AIM OF THE EXERCISE
Every line from the beginning of the records below up to the one holding "Appearance: По умолчанию" should be quoted exactly; leave out the rest.

PROVIDED INFORMATION
==========

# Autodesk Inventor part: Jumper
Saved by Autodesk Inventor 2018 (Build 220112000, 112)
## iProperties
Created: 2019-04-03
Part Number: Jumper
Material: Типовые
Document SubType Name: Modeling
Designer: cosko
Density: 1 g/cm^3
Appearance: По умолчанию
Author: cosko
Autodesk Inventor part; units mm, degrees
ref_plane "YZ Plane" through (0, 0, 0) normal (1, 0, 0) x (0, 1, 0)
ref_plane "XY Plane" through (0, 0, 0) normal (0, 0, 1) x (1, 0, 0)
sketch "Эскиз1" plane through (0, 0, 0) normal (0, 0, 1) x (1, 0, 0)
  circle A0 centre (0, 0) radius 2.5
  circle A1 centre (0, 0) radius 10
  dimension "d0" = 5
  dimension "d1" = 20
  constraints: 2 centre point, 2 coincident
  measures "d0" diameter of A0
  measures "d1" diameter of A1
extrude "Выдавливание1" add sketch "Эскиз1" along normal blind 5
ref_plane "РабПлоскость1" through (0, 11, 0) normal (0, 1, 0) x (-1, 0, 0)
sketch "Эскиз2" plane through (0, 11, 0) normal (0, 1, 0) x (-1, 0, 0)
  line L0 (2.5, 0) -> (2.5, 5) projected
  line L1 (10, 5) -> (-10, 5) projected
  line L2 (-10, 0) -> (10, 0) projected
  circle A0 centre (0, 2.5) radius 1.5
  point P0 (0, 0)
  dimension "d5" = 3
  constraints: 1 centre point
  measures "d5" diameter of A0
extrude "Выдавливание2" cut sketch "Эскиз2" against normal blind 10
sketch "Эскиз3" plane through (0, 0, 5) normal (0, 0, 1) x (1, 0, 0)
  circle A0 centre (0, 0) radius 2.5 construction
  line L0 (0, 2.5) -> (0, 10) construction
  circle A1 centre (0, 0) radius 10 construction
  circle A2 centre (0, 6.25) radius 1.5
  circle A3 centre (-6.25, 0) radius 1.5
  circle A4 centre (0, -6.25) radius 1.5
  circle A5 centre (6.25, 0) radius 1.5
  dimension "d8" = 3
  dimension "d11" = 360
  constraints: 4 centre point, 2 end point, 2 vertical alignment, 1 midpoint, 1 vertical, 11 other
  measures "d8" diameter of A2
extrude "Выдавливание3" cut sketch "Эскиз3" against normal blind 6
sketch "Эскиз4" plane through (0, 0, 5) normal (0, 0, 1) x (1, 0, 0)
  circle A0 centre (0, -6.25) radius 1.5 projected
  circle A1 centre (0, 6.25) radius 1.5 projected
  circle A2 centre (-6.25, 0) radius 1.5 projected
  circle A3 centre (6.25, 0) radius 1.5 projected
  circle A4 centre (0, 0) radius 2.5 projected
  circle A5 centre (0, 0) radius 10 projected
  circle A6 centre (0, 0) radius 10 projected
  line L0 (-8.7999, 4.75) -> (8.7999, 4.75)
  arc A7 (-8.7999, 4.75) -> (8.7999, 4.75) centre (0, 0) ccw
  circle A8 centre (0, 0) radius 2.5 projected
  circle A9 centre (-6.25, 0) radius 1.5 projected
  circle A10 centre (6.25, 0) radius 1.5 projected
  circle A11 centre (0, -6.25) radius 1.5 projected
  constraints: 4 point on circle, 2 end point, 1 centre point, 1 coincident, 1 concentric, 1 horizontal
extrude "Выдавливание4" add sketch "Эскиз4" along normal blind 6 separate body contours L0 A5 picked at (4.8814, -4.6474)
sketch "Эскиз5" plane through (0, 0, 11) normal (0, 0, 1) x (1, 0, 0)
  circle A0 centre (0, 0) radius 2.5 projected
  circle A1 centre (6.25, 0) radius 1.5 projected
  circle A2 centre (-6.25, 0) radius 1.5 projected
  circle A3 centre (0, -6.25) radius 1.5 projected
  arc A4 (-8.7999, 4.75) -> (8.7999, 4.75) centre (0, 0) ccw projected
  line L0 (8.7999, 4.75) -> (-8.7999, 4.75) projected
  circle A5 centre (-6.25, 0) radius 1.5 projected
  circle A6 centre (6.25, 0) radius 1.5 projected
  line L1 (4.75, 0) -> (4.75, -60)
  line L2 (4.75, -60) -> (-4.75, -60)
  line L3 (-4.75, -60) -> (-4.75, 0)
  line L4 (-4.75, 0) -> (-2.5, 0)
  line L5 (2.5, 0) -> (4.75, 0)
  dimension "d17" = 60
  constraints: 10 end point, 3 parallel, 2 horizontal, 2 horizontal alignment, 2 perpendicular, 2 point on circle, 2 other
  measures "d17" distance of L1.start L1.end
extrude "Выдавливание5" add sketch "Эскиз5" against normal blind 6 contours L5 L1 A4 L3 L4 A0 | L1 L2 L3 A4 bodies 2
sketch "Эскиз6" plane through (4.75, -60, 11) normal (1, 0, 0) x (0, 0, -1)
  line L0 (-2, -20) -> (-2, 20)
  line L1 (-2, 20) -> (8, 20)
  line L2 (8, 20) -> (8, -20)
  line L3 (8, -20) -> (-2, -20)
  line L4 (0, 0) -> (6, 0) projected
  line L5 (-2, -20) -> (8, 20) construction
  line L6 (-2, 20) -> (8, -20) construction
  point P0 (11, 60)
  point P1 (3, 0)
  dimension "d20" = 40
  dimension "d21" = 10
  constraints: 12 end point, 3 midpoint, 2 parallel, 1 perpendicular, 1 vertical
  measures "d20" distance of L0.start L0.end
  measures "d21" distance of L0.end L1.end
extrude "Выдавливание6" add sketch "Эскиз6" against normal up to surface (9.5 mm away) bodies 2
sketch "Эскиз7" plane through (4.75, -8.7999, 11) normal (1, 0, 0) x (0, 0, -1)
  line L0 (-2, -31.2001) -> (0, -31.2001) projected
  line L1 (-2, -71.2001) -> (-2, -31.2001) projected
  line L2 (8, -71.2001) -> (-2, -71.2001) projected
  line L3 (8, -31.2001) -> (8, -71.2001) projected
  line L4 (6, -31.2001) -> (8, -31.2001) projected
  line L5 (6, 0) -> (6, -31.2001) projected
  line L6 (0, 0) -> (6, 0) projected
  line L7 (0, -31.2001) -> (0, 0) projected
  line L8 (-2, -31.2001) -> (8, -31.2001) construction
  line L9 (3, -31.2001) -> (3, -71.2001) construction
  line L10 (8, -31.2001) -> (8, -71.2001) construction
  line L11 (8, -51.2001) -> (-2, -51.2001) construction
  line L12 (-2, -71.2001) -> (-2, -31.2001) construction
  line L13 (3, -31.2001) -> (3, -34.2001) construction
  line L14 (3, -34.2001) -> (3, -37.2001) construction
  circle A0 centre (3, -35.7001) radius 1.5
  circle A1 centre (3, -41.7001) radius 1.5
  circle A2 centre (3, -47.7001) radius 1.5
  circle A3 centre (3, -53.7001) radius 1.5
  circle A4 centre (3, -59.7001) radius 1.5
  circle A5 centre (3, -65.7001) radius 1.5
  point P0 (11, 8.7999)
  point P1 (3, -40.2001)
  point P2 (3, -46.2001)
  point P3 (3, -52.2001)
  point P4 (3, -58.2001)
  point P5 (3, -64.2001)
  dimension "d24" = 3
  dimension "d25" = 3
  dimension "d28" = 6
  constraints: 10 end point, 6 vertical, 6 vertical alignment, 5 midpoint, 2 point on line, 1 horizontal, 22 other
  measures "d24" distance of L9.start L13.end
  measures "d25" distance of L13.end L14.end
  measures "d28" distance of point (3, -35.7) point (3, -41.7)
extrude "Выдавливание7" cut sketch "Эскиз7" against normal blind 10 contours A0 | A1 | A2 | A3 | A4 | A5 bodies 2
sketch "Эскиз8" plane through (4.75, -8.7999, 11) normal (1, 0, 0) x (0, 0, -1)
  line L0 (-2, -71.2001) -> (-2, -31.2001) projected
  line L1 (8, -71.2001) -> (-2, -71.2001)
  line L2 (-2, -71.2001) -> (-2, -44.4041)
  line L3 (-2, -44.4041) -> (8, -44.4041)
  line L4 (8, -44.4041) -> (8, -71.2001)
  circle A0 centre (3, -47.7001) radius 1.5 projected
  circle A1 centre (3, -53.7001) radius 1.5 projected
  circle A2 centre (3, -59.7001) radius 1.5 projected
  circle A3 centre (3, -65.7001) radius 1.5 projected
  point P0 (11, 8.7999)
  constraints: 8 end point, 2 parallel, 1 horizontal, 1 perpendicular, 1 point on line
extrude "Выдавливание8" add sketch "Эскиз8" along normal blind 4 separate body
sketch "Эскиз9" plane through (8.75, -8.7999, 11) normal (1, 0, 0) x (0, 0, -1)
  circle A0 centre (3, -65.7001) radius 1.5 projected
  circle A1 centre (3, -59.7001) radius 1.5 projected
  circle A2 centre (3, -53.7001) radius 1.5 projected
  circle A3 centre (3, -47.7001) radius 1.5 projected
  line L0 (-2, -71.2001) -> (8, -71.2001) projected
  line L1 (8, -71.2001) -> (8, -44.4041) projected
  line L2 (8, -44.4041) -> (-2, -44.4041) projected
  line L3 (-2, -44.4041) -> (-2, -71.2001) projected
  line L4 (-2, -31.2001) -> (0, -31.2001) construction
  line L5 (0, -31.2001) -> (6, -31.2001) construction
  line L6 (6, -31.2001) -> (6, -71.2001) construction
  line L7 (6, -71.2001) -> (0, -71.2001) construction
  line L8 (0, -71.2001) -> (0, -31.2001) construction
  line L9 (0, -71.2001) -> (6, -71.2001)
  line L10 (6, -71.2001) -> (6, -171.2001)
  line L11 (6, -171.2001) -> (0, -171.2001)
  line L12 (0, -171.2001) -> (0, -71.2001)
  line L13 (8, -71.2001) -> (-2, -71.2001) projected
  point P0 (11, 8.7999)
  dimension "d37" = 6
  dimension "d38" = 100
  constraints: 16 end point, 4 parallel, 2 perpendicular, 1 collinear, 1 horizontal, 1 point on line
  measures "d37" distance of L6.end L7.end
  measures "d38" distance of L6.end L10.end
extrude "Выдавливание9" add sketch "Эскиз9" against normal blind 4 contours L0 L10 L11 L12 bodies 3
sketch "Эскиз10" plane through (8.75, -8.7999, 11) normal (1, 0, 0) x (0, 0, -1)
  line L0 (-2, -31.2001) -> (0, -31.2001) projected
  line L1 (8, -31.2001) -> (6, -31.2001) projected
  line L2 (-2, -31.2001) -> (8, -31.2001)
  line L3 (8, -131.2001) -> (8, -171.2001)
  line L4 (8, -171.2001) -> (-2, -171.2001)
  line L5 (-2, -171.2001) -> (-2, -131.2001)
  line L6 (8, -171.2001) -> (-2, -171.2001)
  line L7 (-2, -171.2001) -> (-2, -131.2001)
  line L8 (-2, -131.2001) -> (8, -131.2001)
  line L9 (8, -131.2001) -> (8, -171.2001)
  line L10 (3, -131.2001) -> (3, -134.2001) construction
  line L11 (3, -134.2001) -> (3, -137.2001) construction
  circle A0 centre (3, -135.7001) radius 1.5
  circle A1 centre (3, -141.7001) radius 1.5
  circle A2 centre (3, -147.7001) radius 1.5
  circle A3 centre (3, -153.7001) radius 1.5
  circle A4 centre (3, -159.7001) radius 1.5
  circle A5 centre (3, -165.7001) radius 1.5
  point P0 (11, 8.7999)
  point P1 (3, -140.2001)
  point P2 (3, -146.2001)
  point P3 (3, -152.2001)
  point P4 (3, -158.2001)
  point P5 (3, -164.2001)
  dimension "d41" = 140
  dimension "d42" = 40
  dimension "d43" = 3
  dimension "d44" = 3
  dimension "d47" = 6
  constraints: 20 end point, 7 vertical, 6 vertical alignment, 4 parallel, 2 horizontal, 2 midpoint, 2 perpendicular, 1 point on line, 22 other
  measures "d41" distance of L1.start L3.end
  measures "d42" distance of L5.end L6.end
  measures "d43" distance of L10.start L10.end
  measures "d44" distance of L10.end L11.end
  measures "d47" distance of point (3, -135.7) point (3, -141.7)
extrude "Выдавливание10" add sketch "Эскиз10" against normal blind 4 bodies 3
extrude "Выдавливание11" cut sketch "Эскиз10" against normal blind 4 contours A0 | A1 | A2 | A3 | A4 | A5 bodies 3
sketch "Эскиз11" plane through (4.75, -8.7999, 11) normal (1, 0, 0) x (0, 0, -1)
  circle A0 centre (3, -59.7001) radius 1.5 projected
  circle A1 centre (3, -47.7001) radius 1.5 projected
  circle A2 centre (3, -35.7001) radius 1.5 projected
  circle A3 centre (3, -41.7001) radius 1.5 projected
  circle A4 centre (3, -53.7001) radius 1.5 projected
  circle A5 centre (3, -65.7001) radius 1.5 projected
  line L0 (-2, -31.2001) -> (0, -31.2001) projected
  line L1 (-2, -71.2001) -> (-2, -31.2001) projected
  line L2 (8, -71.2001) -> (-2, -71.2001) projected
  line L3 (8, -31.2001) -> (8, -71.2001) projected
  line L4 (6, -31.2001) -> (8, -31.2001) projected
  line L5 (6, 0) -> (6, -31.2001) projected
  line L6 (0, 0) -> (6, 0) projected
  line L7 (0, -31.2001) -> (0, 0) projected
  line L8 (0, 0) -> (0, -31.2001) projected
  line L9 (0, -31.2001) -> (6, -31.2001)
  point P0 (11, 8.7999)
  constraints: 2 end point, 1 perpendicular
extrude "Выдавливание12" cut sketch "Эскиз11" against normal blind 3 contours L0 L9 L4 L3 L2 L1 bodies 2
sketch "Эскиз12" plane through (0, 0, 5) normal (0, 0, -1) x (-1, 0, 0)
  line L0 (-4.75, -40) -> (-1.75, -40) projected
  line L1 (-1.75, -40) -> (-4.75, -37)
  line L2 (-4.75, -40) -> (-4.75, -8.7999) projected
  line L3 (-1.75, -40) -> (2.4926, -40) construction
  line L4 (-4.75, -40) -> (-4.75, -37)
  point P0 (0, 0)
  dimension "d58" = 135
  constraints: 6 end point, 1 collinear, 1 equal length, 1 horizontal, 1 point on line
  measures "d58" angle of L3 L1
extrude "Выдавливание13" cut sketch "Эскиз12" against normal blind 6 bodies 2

==========

OUTPUT OF THE TASK
# Autodesk Inventor part: Jumper
Saved by Autodesk Inventor 2018 (Build 220112000, 112)
## iProperties
Created: 2019-04-03
Part Number: Jumper
Material: Типовые
Document SubType Name: Modeling
Designer: cosko
Density: 1 g/cm^3
Appearance: По умолчанию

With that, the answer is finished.